We can do the same trick again to find the derivative of of the term ‘\(y\)’ with respect to~\(x\): putting \(w=y\) we get

\[ \frac{dw}{dx} = \frac{dw}{dy}\frac{dy}{dx} = 1.\frac{dy}{dx} = \frac{dy}{dx} \]

so that \(\frac{d}{dx}(y)=\frac{dy}{dx}\) (perhaps not so surprising!). Hence differentiating our equation \(y^3+y=x^2+x\) with respect to \(x\) gives us

\[ 3y^2\frac{dy}{dx} + \frac{dy}{dx} = 2x + 1 \]

and we can rearrange to get

\[ \frac{dy}{dx}(3y^2+1)=2x+1 \]

and hence

\[ \frac{dy}{dx} = \frac{2x+1}{3y^2+1}. \]

(Note that since \(3y^2+1> 0\) for all \(y\), we have no problems dividing here.)\

Remark 11.1

Since the equation we started with relating \(y\) and \(x\) was an implicit equation, we don’t have a problem with \(\frac{dy}{dx}\) being written in terms of both \(x\) and \(y\).

Generalising the methods used in the above example we get the following.

Theorem 11.2 (Differentiating \(f(y)\) with respect to \(x\))

\[ \frac{d}{dx}(f(y))=f'(y).\frac{dy}{dx} \]

(That is, to differentiate a function of \(y\) with respect to \(x\), first differentiate with respect to \(y\) then multiply by \(\frac{dy}{dx}\).)

Example 11.6

Let \(y^3 + 4x = x^2 + \frac{1}{y}\) for \(y\neq 0\). Find \(\frac{dy}{dx}\).

Solution.
As before, we start with our implicit equation \(y^3 + 4x = x^2 + \frac{1}{y}\) and differentiate both sides with respect to \(x\).

By Theorem 11.2, to differentiate the terms which are a function of \(y\) with respect to \(x\), we first differentiate with respect to \(y\) and then multiply by \(\frac{dy}{dx}\). Hence, for \(y\neq 0\) we get

\[ 3y^2 \frac{dy}{dx} + 4 = 2x -\frac{1}{y^2}\frac{dy}{dx}. \]

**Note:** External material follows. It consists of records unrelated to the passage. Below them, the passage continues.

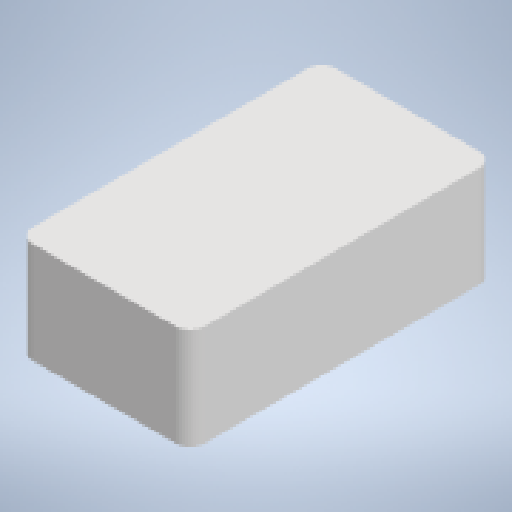
# Autodesk Inventor part: РедукторСмещенный
Saved by Autodesk Inventor 2025.1 (Build 291241000, 241)
## iProperties
Created: 2025-04-12
Part Number: РедукторСмещенный
Material: Типовые
Document SubType Name: Modeling
Designer: tishk
Density: 1 g/cm^3
Appearance: По умолчанию
Author: tishk
Autodesk Inventor part; units mm, degrees
ref_plane "YZ Plane" through (0, 0, 0) normal (1, 0, 0) x (0, 1, 0)
ref_plane "XZ Plane" through (0, 0, 0) normal (0, 1, 0) x (-1, 0, 0)
ref_plane "XY Plane" through (0, 0, 0) normal (0, 0, 1) x (1, 0, 0)
sketch "Эскиз1" plane through (0, 0, 0) normal (0, 1, 0) x (-1, 0, 0)
  line L0 (0, 0) -> (-85, 0)
  line L1 (-85, 0) -> (-85, 150)
  line L2 (-85, 150) -> (0, 150)
  line L3 (0, 150) -> (0, 0)
  dimension "d0" = 85
  dimension "d1" = 150
  constraints: 8 end point, 2 parallel, 1 horizontal, 1 perpendicular
  measures "d0" distance of L1.end L2.end
  measures "d1" distance of L0.end L1.end
extrude "Выдавливание1" add sketch "Эскиз1" along normal blind 50
sketch "Эскиз2" plane through (0, 50, 0) normal (0, 1, 0) x (1, 0, 0)
  line L0 (0, 0) -> (0, -150) projected
  line L1 (0, 0) -> (42.5, 0)
  line L2 (85, 0) -> (0, 0) projected
  line L3 (42.5, 0) -> (42.5, -35)
  dimension "d5" = 42.5
  dimension "d6" = 35
  constraints: 4 end point, 1 midpoint, 1 perpendicular
  measures "d5" distance of L0.start L1.end
  measures "d6" distance of L1.end L3.end
hole "Отверстие1" at (42.5, 50, 35) direction (0, -1, 0) diameter 8 end through all
sketch "Эскиз3" plane through (0, 50, 0) normal (0, 1, 0) x (1, 0, 0)
  line L0 (0, 0) -> (0, -150) projected
  line L1 (0, 0) -> (0, -120)
  line L2 (0, -120) -> (42.5, -120)
  circle A0 centre (42.5, -120) radius 5
  dimension "d14" = 120
  dimension "d15" = 42.5
  dimension "d16" = 10
  constraints: 4 end point, 1 centre point, 1 coincident, 1 perpendicular, 1 point on line
  measures "d14" distance of L0.start L1.end
  measures "d15" distance of L1.end L2.end
  measures "d16" diameter of A0
extrude "Выдавливание2" add sketch "Эскиз3" along normal blind 23.6
fillet "Сопряжение2" radius 7.5 4 edges at (0, 25, 0) (85, 25, 0) (85, 25, 150) (0, 25, 150)
sketch "Эскиз4" plane through (42.5, 73.6, 120) normal (0, 1, 0) x (1, 0, 0)
  circle A0 centre (0, 0) radius 6.154
  point P0 (-42.5, 120)
  dimension "d20" = 12.308
  constraints: 1 centre point
  measures "d20" diameter of A0
extrude "Выдавливание3" add sketch "Эскиз4" along normal blind 46.4
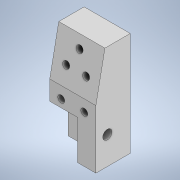
# Autodesk Inventor part: connector
Saved by Autodesk Inventor 2020 (Build 240168000, 168)
## iProperties
Created: 2019-06-19
Part Number: connector
Material: Generic
Document SubType Name: Modeling
Designer: Vivek Muskan
Density: 1 g/cm^3
Appearance: Default
Author: Vivek Muskan
Autodesk Inventor part; units mm, degrees
ref_plane "YZ Plane" through (0, 0, 0) normal (1, 0, 0) x (0, 1, 0)
ref_plane "XZ Plane" through (0, 0, 0) normal (0, 1, 0) x (-1, 0, 0)
ref_plane "XY Plane" through (0, 0, 0) normal (0, 0, 1) x (1, 0, 0)
sketch "Sketch1" plane through (0, 0, 0) normal (1, 0, 0) x (0, 1, 0)
  line L0 (0, 0) -> (19.6116, -3.9223)
  line L1 (0, 0) -> (20, 0) construction
  line L2 (19.6116, -3.9223) -> (19.6116, -14.9223)
  line L3 (19.6116, -14.9223) -> (-10.3884, -14.9223)
  line L4 (-10.3884, -14.9223) -> (-10.3884, 0)
  line L5 (-10.3884, 0) -> (0, 0)
  dimension "d0" = 20
  dimension "d1" = 11.31
  dimension "d2" = 11
  dimension "d3" = 30
  constraints: 12 end point, 3 perpendicular, 1 equal length, 1 horizontal, 1 vertical
  measures "d0" distance of L0.start L0.end
  measures "d1" angle of L0 L1
  measures "d2" distance of L0.end L2.end
  measures "d3" distance of L2.end L3.end
extrude "Extrusion1" add sketch "Sketch1" along normal blind 20
sketch "Sketch2" plane through (0, 0, 0) normal (0, 0.1961, 0.9806) x (1, 0, 0)
  line L0 (0, 0) -> (10, 0)
  line L1 (0, 0) -> (20, 0) projected
  line L2 (10, 0) -> (10, 15)
  circle A0 centre (10, 15) radius 1.5
  line L3 (10, 15) -> (10, 10)
  circle A1 centre (5.6699, 7.5) radius 1.5
  circle A2 centre (14.3301, 7.5) radius 1.5
  dimension "d6" = 15
  dimension "d7" = 3
  dimension "d8" = 5
  dimension "d11" = 360
  constraints: 6 end point, 3 centre point, 1 coincident, 1 midpoint, 1 perpendicular, 1 point on line, 7 other
  measures "d6" distance of L0.end L2.end
  measures "d7" diameter of A0
  measures "d8" distance of L3.start L3.end
extrude "Extrusion2" cut sketch "Sketch2" against normal blind 20
sketch "Sketch3" plane through (0, -10.3884, 0) normal (0, 0, 1) x (1, 0, 0)
  line L0 (0, 10.3884) -> (0, 0) projected
  line L1 (0, 10.3884) -> (0, 5.3884)
  line L2 (0, 5.3884) -> (5, 5.3884)
  line L3 (5, 5.3884) -> (15, 5.3884)
  circle A0 centre (5, 5.3884) radius 1.5
  circle A1 centre (15, 5.3884) radius 1.5
  dimension "d15" = 5
  dimension "d16" = 5
  dimension "d17" = 10
  dimension "d18" = 3
  dimension "d19" = 3
  constraints: 6 end point, 2 centre point, 2 coincident, 1 horizontal, 1 perpendicular, 1 point on line
  measures "d15" distance of L0.start L1.end
  measures "d16" distance of L1.end L2.end
  measures "d17" distance of L2.end L3.end
  measures "d18" diameter of A0
  measures "d19" diameter of A1
extrude "Extrusion3" cut sketch "Sketch3" against normal blind 20
sketch "Sketch4" plane through (20, 0, 0) normal (1, 0, 0) x (0, 0, -1)
  line L0 (14.9223, -10.3884) -> (14.9223, 19.6116) projected
  line L1 (0, -10.3884) -> (14.9223, -10.3884) projected
  line L2 (14.9223, -10.3884) -> (0, -10.3884)
  point P0 (0, 0)
  constraints: 2 end point, 1 horizontal
sketch "Sketch5" plane through (20, 0, 0) normal (1, 0, 0) x (0, 0, -1)
  line L0 (0, 0) -> (0, -10.3884) projected
  line L1 (0, -10.3884) -> (14.9223, -10.3884)
  line L2 (14.9223, -10.3884) -> (14.9223, -25.3884)
  line L3 (14.9223, -25.3884) -> (0, -25.3884)
  line L4 (0, -25.3884) -> (0, -10.3884)
  dimension "d22" = 15
  dimension "d25" = 14.9223
  constraints: 8 end point, 2 parallel, 1 horizontal, 1 perpendicular
  measures "d22" distance of L1.end L2.end
  measures "d25" distance of L2.end L3.end
extrude "Extrusion4" add sketch "Sketch5" against normal blind 20
sketch "Sketch10" plane through (0, 0, 0) normal (0, 0, 1) x (1, 0, 0)
  line L0 (0, -25.3884) -> (0, 19.6116) projected
  line L1 (0, -25.3884) -> (12, -25.3884)
  line L2 (12, -25.3884) -> (12, -8.3884)
  line L3 (12, -8.3884) -> (0, -8.3884)
  line L4 (0, -8.3884) -> (0, -25.3884)
  point P0 (0, 0)
  point P1 (0, -8.3884)
  dimension "d39" = 12
  dimension "d40" = 17
  constraints: 8 end point, 2 parallel, 1 horizontal, 1 perpendicular
  measures "d39" distance of L3.end L2.end
  measures "d40" distance of L2.end L1.end
extrude "Extrusion8" cut sketch "Sketch10" against normal blind 8
sketch "Sketch11" plane through (20, 0, 0) normal (1, 0, 0) x (0, 0, -1)
  line L0 (0, -25.3884) -> (8, -25.3884) projected
  line L1 (0, -25.3884) -> (5, -25.3884)
  line L2 (5, -25.3884) -> (5, -13.3884)
  circle A0 centre (5, -13.3884) radius 2
  point P0 (0, 0)
  dimension "d43" = 5
  dimension "d44" = 12
  dimension "d45" = 4
  constraints: 4 end point, 1 centre point, 1 coincident, 1 point on line, 1 vertical
  measures "d43" distance of L0.start L1.end
  measures "d44" distance of L1.end L2.end
  measures "d45" diameter of A0
extrude "Extrusion9" cut sketch "Sketch11" against normal blind 8
sketch "Sketch12" plane through (20, 19.6116, -14.9223) normal (0, 0, -1) x (-1, 0, 0)
  line L0 (20, -45) -> (20, 0) projected
  line L1 (20, -45) -> (13.5, -45)
  line L2 (8, -45) -> (20, -45) projected
  line L3 (13.5, -45) -> (13.5, -33)
  circle A0 centre (13.5, -33) radius 2
  point P0 (20, -19.6116)
  dimension "d48" = 6.5
  dimension "d49" = 12
  dimension "d50" = 4
  constraints: 4 end point, 1 centre point, 1 coincident, 1 perpendicular, 1 point on line
  measures "d48" distance of L0.start L1.end
  measures "d49" distance of L1.end L3.end
  measures "d50" diameter of A0
extrude "Extrusion10" cut sketch "Sketch12" against normal blind 8
body "Solid1"
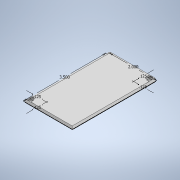
# Autodesk Inventor part: DualSensorReadout - Lid
Saved by Autodesk Inventor 2020 (Build 240168000, 168)
## iProperties
Created: 2024-01-28
Part Number: DualSensorReadout - Lid
Material: Generic
Document SubType Name: Modeling
Designer: Beaucage
Density: 1 g/cm^3
Appearance: Default
Author: Beaucage
Autodesk Inventor part; units mm, degrees
ref_plane "YZ Plane" through (0, 0, 0) normal (1, 0, 0) x (0, 1, 0)
ref_plane "XZ Plane" through (0, 0, 0) normal (0, 1, 0) x (-1, 0, 0)
ref_plane "XY Plane" through (0, 0, 0) normal (0, 0, 1) x (1, 0, 0)
sketch "Sketch1" plane through (0, 0, 0) normal (0, 1, 0) x (-1, 0, 0)
  line L0 (0, 0) -> (50.8, 0)
  line L1 (50.8, 0) -> (50.8, -88.9)
  line L2 (50.8, -88.9) -> (0, -88.9)
  line L3 (0, -88.9) -> (0, 0)
  line L4 (50.8, 0) -> (47.625, 0)
  line L5 (47.625, 0) -> (47.625, -3.175)
  line L6 (47.625, -3.175) -> (50.8, -3.175)
  line L7 (50.8, -3.175) -> (50.8, 0)
  line L8 (0, -88.9) -> (3.175, -88.9)
  line L9 (3.175, -88.9) -> (3.175, -85.725)
  line L10 (3.175, -85.725) -> (0, -85.725)
  line L11 (0, -85.725) -> (0, -88.9)
  dimension "d0" = 50.8
  dimension "d1" = 88.9
  dimension "d2" = 3.175
  dimension "d3" = 3.175
  dimension "d4" = 3.175
  dimension "d5" = 3.175
  constraints: 24 end point, 6 parallel, 3 horizontal, 3 perpendicular
  measures "d0" distance of L1.end L2.end
  measures "d1" distance of L0.end L1.end
  measures "d2" distance of L6.end L5.end
  measures "d3" distance of L5.end L4.end
  measures "d4" distance of L10.end L9.end
  measures "d5" distance of L9.end L8.end
extrude "Extrusion1" add sketch "Sketch1" along normal blind 3.175
sketch "Sketch2" plane through (0, 3.175, 0) normal (0, 1, 0) x (1, 0, 0)
  line L0 (-50.8, 0) -> (0, 0) projected
  line L1 (-50.8, 0) -> (-47.625, 0)
  line L2 (-47.625, 0) -> (-47.625, 3.175)
  line L3 (-47.625, 3.175) -> (-50.8, 3.175)
  line L4 (-50.8, 3.175) -> (-50.8, 0)
  line L5 (0, 88.9) -> (-50.8, 88.9) projected
  line L6 (0, 88.9) -> (-3.175, 88.9)
  line L7 (-3.175, 88.9) -> (-3.175, 85.725)
  line L8 (-3.175, 85.725) -> (0, 85.725)
  line L9 (0, 85.725) -> (0, 88.9)
  dimension "d15" = 3.175
  dimension "d16" = 3.175
  dimension "d17" = 3.175
  dimension "d18" = 3.175
  constraints: 16 end point, 4 parallel, 2 horizontal, 2 perpendicular
  measures "d15" distance of L3.end L2.end
  measures "d16" distance of L2.end L1.end
  measures "d17" distance of L8.end L7.end
  measures "d18" distance of L7.end L6.end
hole "Hole2" at (-47.625, 3.175, -3.175) at (-3.175, 3.175, -85.725) direction (0, -1, 0) diameter 3.2766 depth 7.9375 counterbore diameter 5.5626 counterbore depth 1.5875 clearance for "Socket Head Cap Screw" size "#4" standard "Ansi Unified Screw Threads"
fillet "Fillet1" radius 3.175 1 edges at (-50.8, 3.175, -44.45)
body "Solid1"
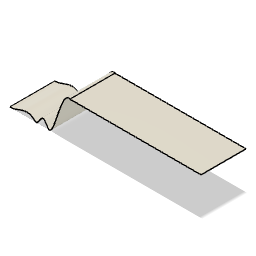
paper v2 (Autodesk Fusion 360 design; units mm, degrees)
Autodesk Fusion 360 part; units mm, degrees
sketch "Sketch1" plane through (0, 0, 0) normal (1, 0, 0) x (0, 0, -1)
  line L0 (0, 0) -> (120, 0)
  line L1 (120, 0) -> (120, 1)
  line L2 (120, 1) -> (0, 1)
  line L3 (0, 1) -> (0, 0)
  dimension "d1" = 120
  dimension "d2" = 1
  constraint horizontal L0
  constraint vertical L1
  constraint horizontal L2
  constraint vertical L3
  constraint coincident L0.start L3.end
  measures "d1" distance of L0.start L0.end
  measures "d2" distance of L0.start L2.end
sketch "Sketch2" plane through (0, 0, 0) normal (0, 0, 1) x (1, 0, 0)
  line L0 (0, 0) -> (-350, 0)
  spline S0 degree 5 poles (-350, 0) (-350.8271, 0.4587) (-352.4933, 1.0797) (-355.0292, 1.1216) (-358.4834, -0.6039) (-362.9205, -5.695) (-367.4691, -13.5915) (-372.1125, -24.0179) (-376.8222, -36.4948) (-381.5546, -50.2909) (-386.2473, -64.3452) (-390.8275, -77.4151) (-395.2241, -88.2647) (-399.3789, -95.8428) (-403.2569, -99.458) (-406.8592, -98.9768) (-410.2319, -94.9687) (-413.4842, -88.9957) (-416.7636, -83.2728) (-420.1972, -79.8916) (-423.8523, -80.2595) (-427.6694, -84.2554) (-431.4759, -90.2056) (-435.0991, -95.877) (-438.4529, -99.195) (-441.6396, -99.1071) (-445.0314, -96.2902) (-449.0787, -92.2979) (-454.1548, -88.876) (-460.3477, -87.0727) (-467.4593, -87.1207) (-475.1186, -88.7395) (-482.8603, -91.3086) (-490.2148, -94.0877) (-496.7975, -96.4244) (-502.3863, -97.9415) (-505.9753, -98.3489) (-508.1562, -98.1745) (-509.3833, -97.8452) (-509.9402, -97.6273) knots 0 0 0 0 0 0 0.028571 0.057143 0.085714 0.114286 0.142857 0.171429 0.2 0.228571 0.257143 0.285714 0.314286 0.342857 0.371429 0.4 0.428571 0.457143 0.485714 0.514286 0.542857 0.571429 0.6 0.628571 0.657143 0.685714 0.714286 0.742857 0.771429 0.8 0.828571 0.857143 0.885714 0.914286 0.942857 0.971429 1 1 1 1 1 1
  point P0 (-377.6352, -39.0751)
  point P1 (-408.1284, -97.0388)
  point P2 (-422.2526, -80.5606)
  point P3 (-438.1423, -98.2158)
  point P4 (-451.0895, -91.1537)
  point P5 (-489.2531, -93.6998)
  dimension "d3" = 350
  constraint coincident L0.start origin
  measures "d3" distance of L0.start L0.end
sweep "Sweep1" add profiles "Sketch1" path "Sketch2" along L0 S0 section 1

We now solve this equation for \(\frac{dy}{dx}\) to get

\[\begin{align*} 3y^2 \frac{dy}{dx} + 4 = 2x -\frac{1}{y^2}\frac{dy}{dx} & \mbox{ so } & 3y^4 \frac{dy}{dx} + 4y^2 = 2xy^2 - \frac{dy}{dx}\\ & \mbox{ so } & 3y^4 \frac{dy}{dx} + \frac{dy}{dx} = 2xy^2-4y^2\\ & \mbox{ so } & \frac{dy}{dx}(3y^4 + 1) = y^2(2x-4)\\ & \mbox{ so } & \frac{dy}{dx} = \frac{y^2(2x-4)}{3y^4 + 1}\quad\mbox{since $3y^4 + 1> 0$ for all $y$.} \end{align*}\]

Thus, for \(y\neq 0\), we get \(\displaystyle \frac{dy}{dx} = \frac{y^2(2x-4)}{3y^4 + 1}\). (Note that if \(y = 0\), then the function is as such not defined and so there can’t be a derivative of it at \(y = 0\).)

Example 11.7

A curve has implicit equation \(x^{-2} + x^3 y^5 + y^2 = \frac{37}{4}\).

(a) Find \(\frac{dy}{dx}\).

(b) Does the point \((3,4)\) lie on the curve? If so, find the gradient of the curve at \((3,4)\).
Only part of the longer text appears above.